* _Activity_:
The reply to the records below should contain exactly the lines from the line with "doc.units = ezdxf.units.MM" through the line with "blk = doc.blocks.new('*A3')", and nothing besides.

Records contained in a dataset
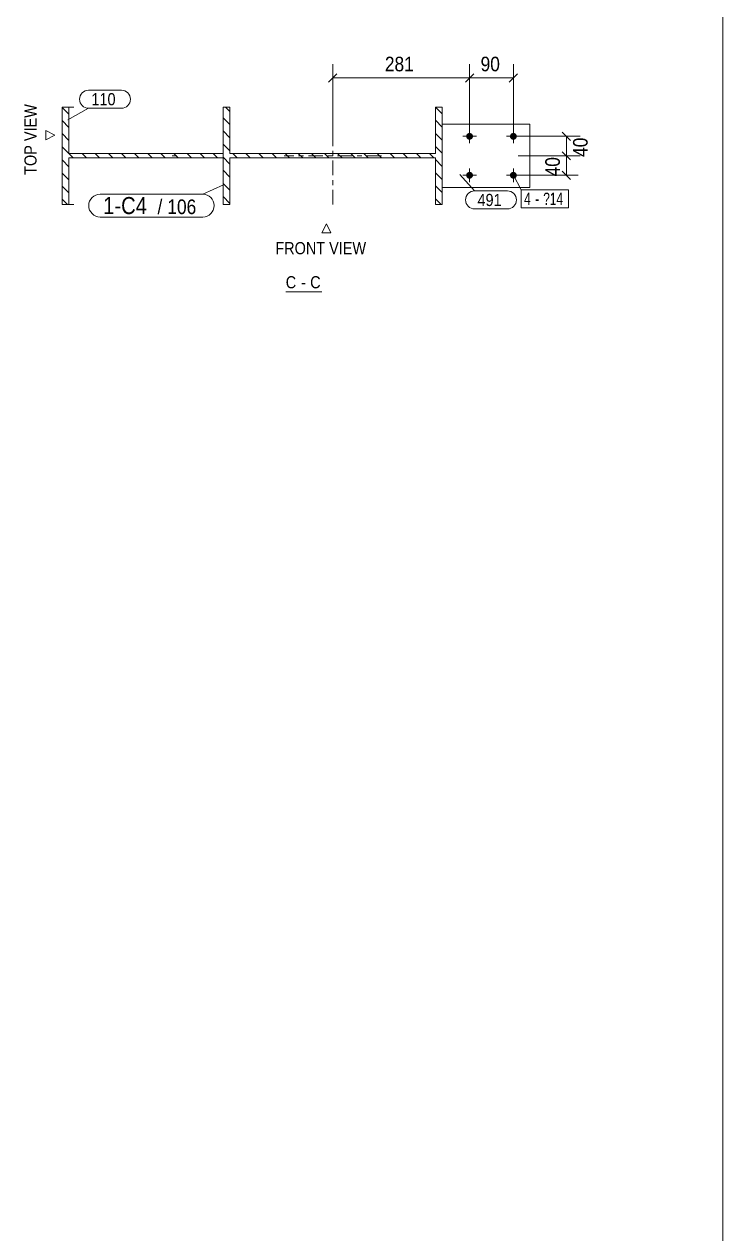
# Model space of a CAD drawing. Header units: millimetres. Extents: x 2 to 579, y 1 to 825.
# Drawn here: x 435.5 to 579, y 283.2 to 531.6 of the extents above; entities that cross this region are included whole.
import ezdxf

# ---------------------------------------------------------------- set-up
doc = ezdxf.new("R2010")
doc.units = ezdxf.units.MM
for name, pattern in [('XKITLINE00', [0]), ('XKITLINE01', [4, 1, -1, 1, -1]), ('XKITLINE03', [6, 3, -1, 1, -1])]:
    doc.linetypes.add(name, pattern=pattern)
for name, color, linetype, lineweight in [('Bolt', 3, 'Continuous', 0), ('BoltMark', 7, 'Continuous', 0), ('Dimensions', 7, 'Continuous', 0), ('DrawingSheet', 5, 'Continuous', 0), ('OtherObjectType', 7, 'Continuous', 0), ('Part', 2, 'Continuous', 0), ('PartMark', 7, 'Continuous', 0)]:
    doc.layers.add(name, color=color, linetype=linetype, lineweight=lineweight)
doc.styles.add('ARIAL', font='ARIAL.TTF')
doc.styles.add('ARIAL_NARROW', font='ARIALN.TTF')

# ---------------------------------------------------------------- blocks, each defined once
blk = doc.blocks.new('*A3')
at = {"layer": 'Part', "color": 7, "linetype": 'XKITLINE00', "lineweight": 0}
for p, q in [((477.79, 513.64), (476.88, 514.55)), ((521.39, 513.15), (519.99, 514.55)), ((477.79, 510.95), (476.39, 512.35)), ((521.39, 510.45), (519.99, 511.85)), ((477.79, 508.25), (476.39, 509.65)), ((477.79, 505.56), (476.39, 506.96)), ((521.39, 507.76), (519.99, 509.16)), ((479.25, 504.1), (478.35, 505)), ((481.95, 504.1), (481.05, 505)), ((484.64, 504.1), (483.74, 505)), ((487.33, 504.1), (486.43, 505)), ((490.03, 504.1), (489.13, 505)), ((492.72, 504.1), (491.82, 505)), ((495.42, 504.1), (494.52, 505)), ((498.11, 504.1), (497.21, 505)), ((500.8, 504.1), (499.9, 505)), ((503.5, 504.1), (502.6, 505)), ((506.19, 504.1), (505.29, 505)), ((508.89, 504.1), (507.99, 505)), ((511.58, 504.1), (510.68, 505)), ((514.27, 504.1), (513.37, 505)), ((516.97, 504.1), (516.07, 505)), ((519.66, 504.1), (518.76, 505)), ((521.39, 505.06), (519.99, 506.46)), ((477.79, 502.86), (476.39, 504.26)), ((521.39, 502.37), (519.99, 503.77)), ((477.79, 500.17), (476.39, 501.57)), ((521.39, 499.68), (519.99, 501.08)), ((477.79, 497.48), (476.39, 498.88)), ((521.39, 496.98), (519.99, 498.38)), ((477.79, 494.78), (476.39, 496.18)), ((521.13, 494.55), (519.99, 495.69))]:
    blk.add_line(p, q, dxfattribs=at)
blk = doc.blocks.new('*A4')
at = {"layer": 'Part', "color": 7, "linetype": 'XKITLINE00', "lineweight": 0}
for p, q in [((444.72, 513.08), (443.32, 514.48)), ((444.72, 510.38), (443.32, 511.79)), ((444.72, 507.69), (443.32, 509.1)), ((444.72, 505), (443.32, 506.4)), ((445.62, 504.1), (444.72, 505)), ((448.32, 504.1), (447.42, 505)), ((451.01, 504.1), (450.11, 505)), ((453.71, 504.1), (452.81, 505)), ((456.4, 504.1), (455.5, 505)), ((459.09, 504.1), (458.19, 505)), ((461.79, 504.1), (460.89, 505)), ((464.48, 504.1), (463.58, 505)), ((467.18, 504.1), (466.28, 505)), ((469.87, 504.1), (468.97, 505)), ((472.56, 504.1), (471.66, 505)), ((475.26, 504.1), (474.36, 505)), ((443.38, 503.65), (443.32, 503.71)), ((444.72, 502.3), (443.38, 503.65)), ((444.72, 499.61), (443.32, 501.01)), ((444.72, 496.91), (443.32, 498.32)), ((444.4, 494.55), (443.32, 495.63))]:
    blk.add_line(p, q, dxfattribs=at)
blk = doc.blocks.new('*A69')
at = {"layer": 'Bolt'}
for points in [[(526.95, 507.85), (526.92, 507.85), (526.89, 507.85), (526.85, 507.86), (526.82, 507.87), (526.79, 507.88), (526.75, 507.89), (526.72, 507.9), (526.69, 507.91), (526.66, 507.93), (526.63, 507.95), (526.6, 507.96), (526.57, 507.98), (526.54, 508), (526.52, 508.03), (526.49, 508.05), (526.47, 508.08), (526.45, 508.1), (526.43, 508.13), (526.41, 508.16), (526.39, 508.19), (526.37, 508.22), (526.36, 508.25), (526.34, 508.28), (526.33, 508.31), (526.32, 508.34), (526.31, 508.38), (526.3, 508.41), (526.3, 508.44), (526.29, 508.48), (526.29, 508.51), (526.29, 508.55), (526.29, 508.58), (526.29, 508.61), (526.3, 508.65), (526.3, 508.68), (526.31, 508.72), (526.32, 508.75), (526.33, 508.78), (526.34, 508.81), (526.36, 508.85), (526.37, 508.88), (526.39, 508.91), (526.41, 508.93), (526.43, 508.96), (526.45, 508.99), (526.47, 509.02), (526.49, 509.04), (526.52, 509.06), (526.54, 509.09), (526.57, 509.11), (526.6, 509.13), (526.63, 509.15), (526.66, 509.16), (526.69, 509.18), (526.72, 509.19), (526.75, 509.2), (526.79, 509.22), (526.82, 509.22), (526.85, 509.23), (526.89, 509.24), (526.92, 509.24), (526.95, 509.24), (526.99, 509.25), (527.02, 509.24), (527.06, 509.24), (527.09, 509.24), (527.13, 509.23), (527.16, 509.22), (527.19, 509.22), (527.22, 509.2), (527.26, 509.19), (527.29, 509.18), (527.32, 509.16), (527.35, 509.15), (527.38, 509.13), (527.41, 509.11), (527.43, 509.09), (527.46, 509.06), (527.48, 509.04), (527.51, 509.02), (527.53, 508.99), (527.55, 508.96), (527.57, 508.93), (527.59, 508.91), (527.61, 508.88), (527.62, 508.85), (527.64, 508.81), (527.65, 508.78), (527.66, 508.75), (527.67, 508.72), (527.68, 508.68), (527.68, 508.65), (527.69, 508.61), (527.69, 508.58), (527.69, 508.55), (527.69, 508.51), (527.69, 508.48), (527.68, 508.44), (527.68, 508.41), (527.67, 508.38), (527.66, 508.34), (527.65, 508.31), (527.64, 508.28), (527.62, 508.25), (527.61, 508.22), (527.59, 508.19), (527.57, 508.16), (527.55, 508.13), (527.53, 508.1), (527.51, 508.08), (527.48, 508.05), (527.46, 508.03), (527.43, 508), (527.41, 507.98), (527.38, 507.96), (527.35, 507.95), (527.32, 507.93), (527.29, 507.91), (527.26, 507.9), (527.22, 507.89), (527.19, 507.88), (527.16, 507.87), (527.13, 507.86), (527.09, 507.85), (527.06, 507.85), (527.02, 507.85), (526.99, 507.85)], [(535.95, 507.85), (535.92, 507.85), (535.89, 507.85), (535.85, 507.86), (535.82, 507.87), (535.79, 507.88), (535.75, 507.89), (535.72, 507.9), (535.69, 507.91), (535.66, 507.93), (535.63, 507.95), (535.6, 507.96), (535.57, 507.98), (535.54, 508), (535.52, 508.03), (535.49, 508.05), (535.47, 508.08), (535.45, 508.1), (535.43, 508.13), (535.41, 508.16), (535.39, 508.19), (535.37, 508.22), (535.36, 508.25), (535.34, 508.28), (535.33, 508.31), (535.32, 508.34), (535.31, 508.38), (535.3, 508.41), (535.3, 508.44), (535.29, 508.48), (535.29, 508.51), (535.29, 508.55), (535.29, 508.58), (535.29, 508.61), (535.3, 508.65), (535.3, 508.68), (535.31, 508.72), (535.32, 508.75), (535.33, 508.78), (535.34, 508.81), (535.36, 508.85), (535.37, 508.88), (535.39, 508.91), (535.41, 508.93), (535.43, 508.96), (535.45, 508.99), (535.47, 509.02), (535.49, 509.04), (535.52, 509.06), (535.54, 509.09), (535.57, 509.11), (535.6, 509.13), (535.63, 509.15), (535.66, 509.16), (535.69, 509.18), (535.72, 509.19), (535.75, 509.2), (535.79, 509.22), (535.82, 509.22), (535.85, 509.23), (535.89, 509.24), (535.92, 509.24), (535.95, 509.24), (535.99, 509.25), (536.02, 509.24), (536.06, 509.24), (536.09, 509.24), (536.13, 509.23), (536.16, 509.22), (536.19, 509.22), (536.22, 509.2), (536.26, 509.19), (536.29, 509.18), (536.32, 509.16), (536.35, 509.15), (536.38, 509.13), (536.41, 509.11), (536.43, 509.09), (536.46, 509.06), (536.48, 509.04), (536.51, 509.02), (536.53, 508.99), (536.55, 508.96), (536.57, 508.93), (536.59, 508.91), (536.61, 508.88), (536.62, 508.85), (536.64, 508.81), (536.65, 508.78), (536.66, 508.75), (536.67, 508.72), (536.68, 508.68), (536.68, 508.65), (536.69, 508.61), (536.69, 508.58), (536.69, 508.55), (536.69, 508.51), (536.69, 508.48), (536.68, 508.44), (536.68, 508.41), (536.67, 508.38), (536.66, 508.34), (536.65, 508.31), (536.64, 508.28), (536.62, 508.25), (536.61, 508.22), (536.59, 508.19), (536.57, 508.16), (536.55, 508.13), (536.53, 508.1), (536.51, 508.08), (536.48, 508.05), (536.46, 508.03), (536.43, 508), (536.41, 507.98), (536.38, 507.96), (536.35, 507.95), (536.32, 507.93), (536.29, 507.91), (536.26, 507.9), (536.22, 507.89), (536.19, 507.88), (536.16, 507.87), (536.13, 507.86), (536.09, 507.85), (536.06, 507.85), (536.02, 507.85), (535.99, 507.85)], [(526.95, 499.85), (526.92, 499.85), (526.89, 499.85), (526.85, 499.86), (526.82, 499.87), (526.79, 499.88), (526.75, 499.89), (526.72, 499.9), (526.69, 499.91), (526.66, 499.93), (526.63, 499.95), (526.6, 499.96), (526.57, 499.98), (526.54, 500), (526.52, 500.03), (526.49, 500.05), (526.47, 500.08), (526.45, 500.1), (526.43, 500.13), (526.41, 500.16), (526.39, 500.19), (526.37, 500.22), (526.36, 500.25), (526.34, 500.28), (526.33, 500.31), (526.32, 500.34), (526.31, 500.38), (526.3, 500.41), (526.3, 500.44), (526.29, 500.48), (526.29, 500.51), (526.29, 500.55), (526.29, 500.58), (526.29, 500.61), (526.3, 500.65), (526.3, 500.68), (526.31, 500.72), (526.32, 500.75), (526.33, 500.78), (526.34, 500.81), (526.36, 500.85), (526.37, 500.88), (526.39, 500.91), (526.41, 500.93), (526.43, 500.96), (526.45, 500.99), (526.47, 501.02), (526.49, 501.04), (526.52, 501.06), (526.54, 501.09), (526.57, 501.11), (526.6, 501.13), (526.63, 501.15), (526.66, 501.16), (526.69, 501.18), (526.72, 501.19), (526.75, 501.2), (526.79, 501.22), (526.82, 501.22), (526.85, 501.23), (526.89, 501.24), (526.92, 501.24), (526.95, 501.24), (526.99, 501.25), (527.02, 501.24), (527.06, 501.24), (527.09, 501.24), (527.13, 501.23), (527.16, 501.22), (527.19, 501.22), (527.22, 501.2), (527.26, 501.19), (527.29, 501.18), (527.32, 501.16), (527.35, 501.15), (527.38, 501.13), (527.41, 501.11), (527.43, 501.09), (527.46, 501.06), (527.48, 501.04), (527.51, 501.02), (527.53, 500.99), (527.55, 500.96), (527.57, 500.93), (527.59, 500.91), (527.61, 500.88), (527.62, 500.85), (527.64, 500.81), (527.65, 500.78), (527.66, 500.75), (527.67, 500.72), (527.68, 500.68), (527.68, 500.65), (527.69, 500.61), (527.69, 500.58), (527.69, 500.55), (527.69, 500.51), (527.69, 500.48), (527.68, 500.44), (527.68, 500.41), (527.67, 500.38), (527.66, 500.34), (527.65, 500.31), (527.64, 500.28), (527.62, 500.25), (527.61, 500.22), (527.59, 500.19), (527.57, 500.16), (527.55, 500.13), (527.53, 500.1), (527.51, 500.08), (527.48, 500.05), (527.46, 500.03), (527.43, 500), (527.41, 499.98), (527.38, 499.96), (527.35, 499.95), (527.32, 499.93), (527.29, 499.91), (527.26, 499.9), (527.22, 499.89), (527.19, 499.88), (527.16, 499.87), (527.13, 499.86), (527.09, 499.85), (527.06, 499.85), (527.02, 499.85), (526.99, 499.85)], [(535.95, 499.85), (535.92, 499.85), (535.89, 499.85), (535.85, 499.86), (535.82, 499.87), (535.79, 499.88), (535.75, 499.89), (535.72, 499.9), (535.69, 499.91), (535.66, 499.93), (535.63, 499.95), (535.6, 499.96), (535.57, 499.98), (535.54, 500), (535.52, 500.03), (535.49, 500.05), (535.47, 500.08), (535.45, 500.1), (535.43, 500.13), (535.41, 500.16), (535.39, 500.19), (535.37, 500.22), (535.36, 500.25), (535.34, 500.28), (535.33, 500.31), (535.32, 500.34), (535.31, 500.38), (535.3, 500.41), (535.3, 500.44), (535.29, 500.48), (535.29, 500.51), (535.29, 500.55), (535.29, 500.58), (535.29, 500.61), (535.3, 500.65), (535.3, 500.68), (535.31, 500.72), (535.32, 500.75), (535.33, 500.78), (535.34, 500.81), (535.36, 500.85), (535.37, 500.88), (535.39, 500.91), (535.41, 500.93), (535.43, 500.96), (535.45, 500.99), (535.47, 501.02), (535.49, 501.04), (535.52, 501.06), (535.54, 501.09), (535.57, 501.11), (535.6, 501.13), (535.63, 501.15), (535.66, 501.16), (535.69, 501.18), (535.72, 501.19), (535.75, 501.2), (535.79, 501.22), (535.82, 501.22), (535.85, 501.23), (535.89, 501.24), (535.92, 501.24), (535.95, 501.24), (535.99, 501.25), (536.02, 501.24), (536.06, 501.24), (536.09, 501.24), (536.13, 501.23), (536.16, 501.22), (536.19, 501.22), (536.22, 501.2), (536.26, 501.19), (536.29, 501.18), (536.32, 501.16), (536.35, 501.15), (536.38, 501.13), (536.41, 501.11), (536.43, 501.09), (536.46, 501.06), (536.48, 501.04), (536.51, 501.02), (536.53, 500.99), (536.55, 500.96), (536.57, 500.93), (536.59, 500.91), (536.61, 500.88), (536.62, 500.85), (536.64, 500.81), (536.65, 500.78), (536.66, 500.75), (536.67, 500.72), (536.68, 500.68), (536.68, 500.65), (536.69, 500.61), (536.69, 500.58), (536.69, 500.55), (536.69, 500.51), (536.69, 500.48), (536.68, 500.44), (536.68, 500.41), (536.67, 500.38), (536.66, 500.34), (536.65, 500.31), (536.64, 500.28), (536.62, 500.25), (536.61, 500.22), (536.59, 500.19), (536.57, 500.16), (536.55, 500.13), (536.53, 500.1), (536.51, 500.08), (536.48, 500.05), (536.46, 500.03), (536.43, 500), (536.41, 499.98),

* _Written reply_:
doc.units = ezdxf.units.MM
for name, pattern in [('XKITLINE00', [0]), ('XKITLINE01', [4, 1, -1, 1, -1]), ('XKITLINE03', [6, 3, -1, 1, -1])]:
    doc.linetypes.add(name, pattern=pattern)
for name, color, linetype, lineweight in [('Bolt', 3, 'Continuous', 0), ('BoltMark', 7, 'Continuous', 0), ('Dimensions', 7, 'Continuous', 0), ('DrawingSheet', 5, 'Continuous', 0), ('OtherObjectType', 7, 'Continuous', 0), ('Part', 2, 'Continuous', 0), ('PartMark', 7, 'Continuous', 0)]:
    doc.layers.add(name, color=color, linetype=linetype, lineweight=lineweight)
doc.styles.add('ARIAL', font='ARIAL.TTF')
doc.styles.add('ARIAL_NARROW', font='ARIALN.TTF')

# ---------------------------------------------------------------- blocks, each defined once
blk = doc.blocks.new('*A3')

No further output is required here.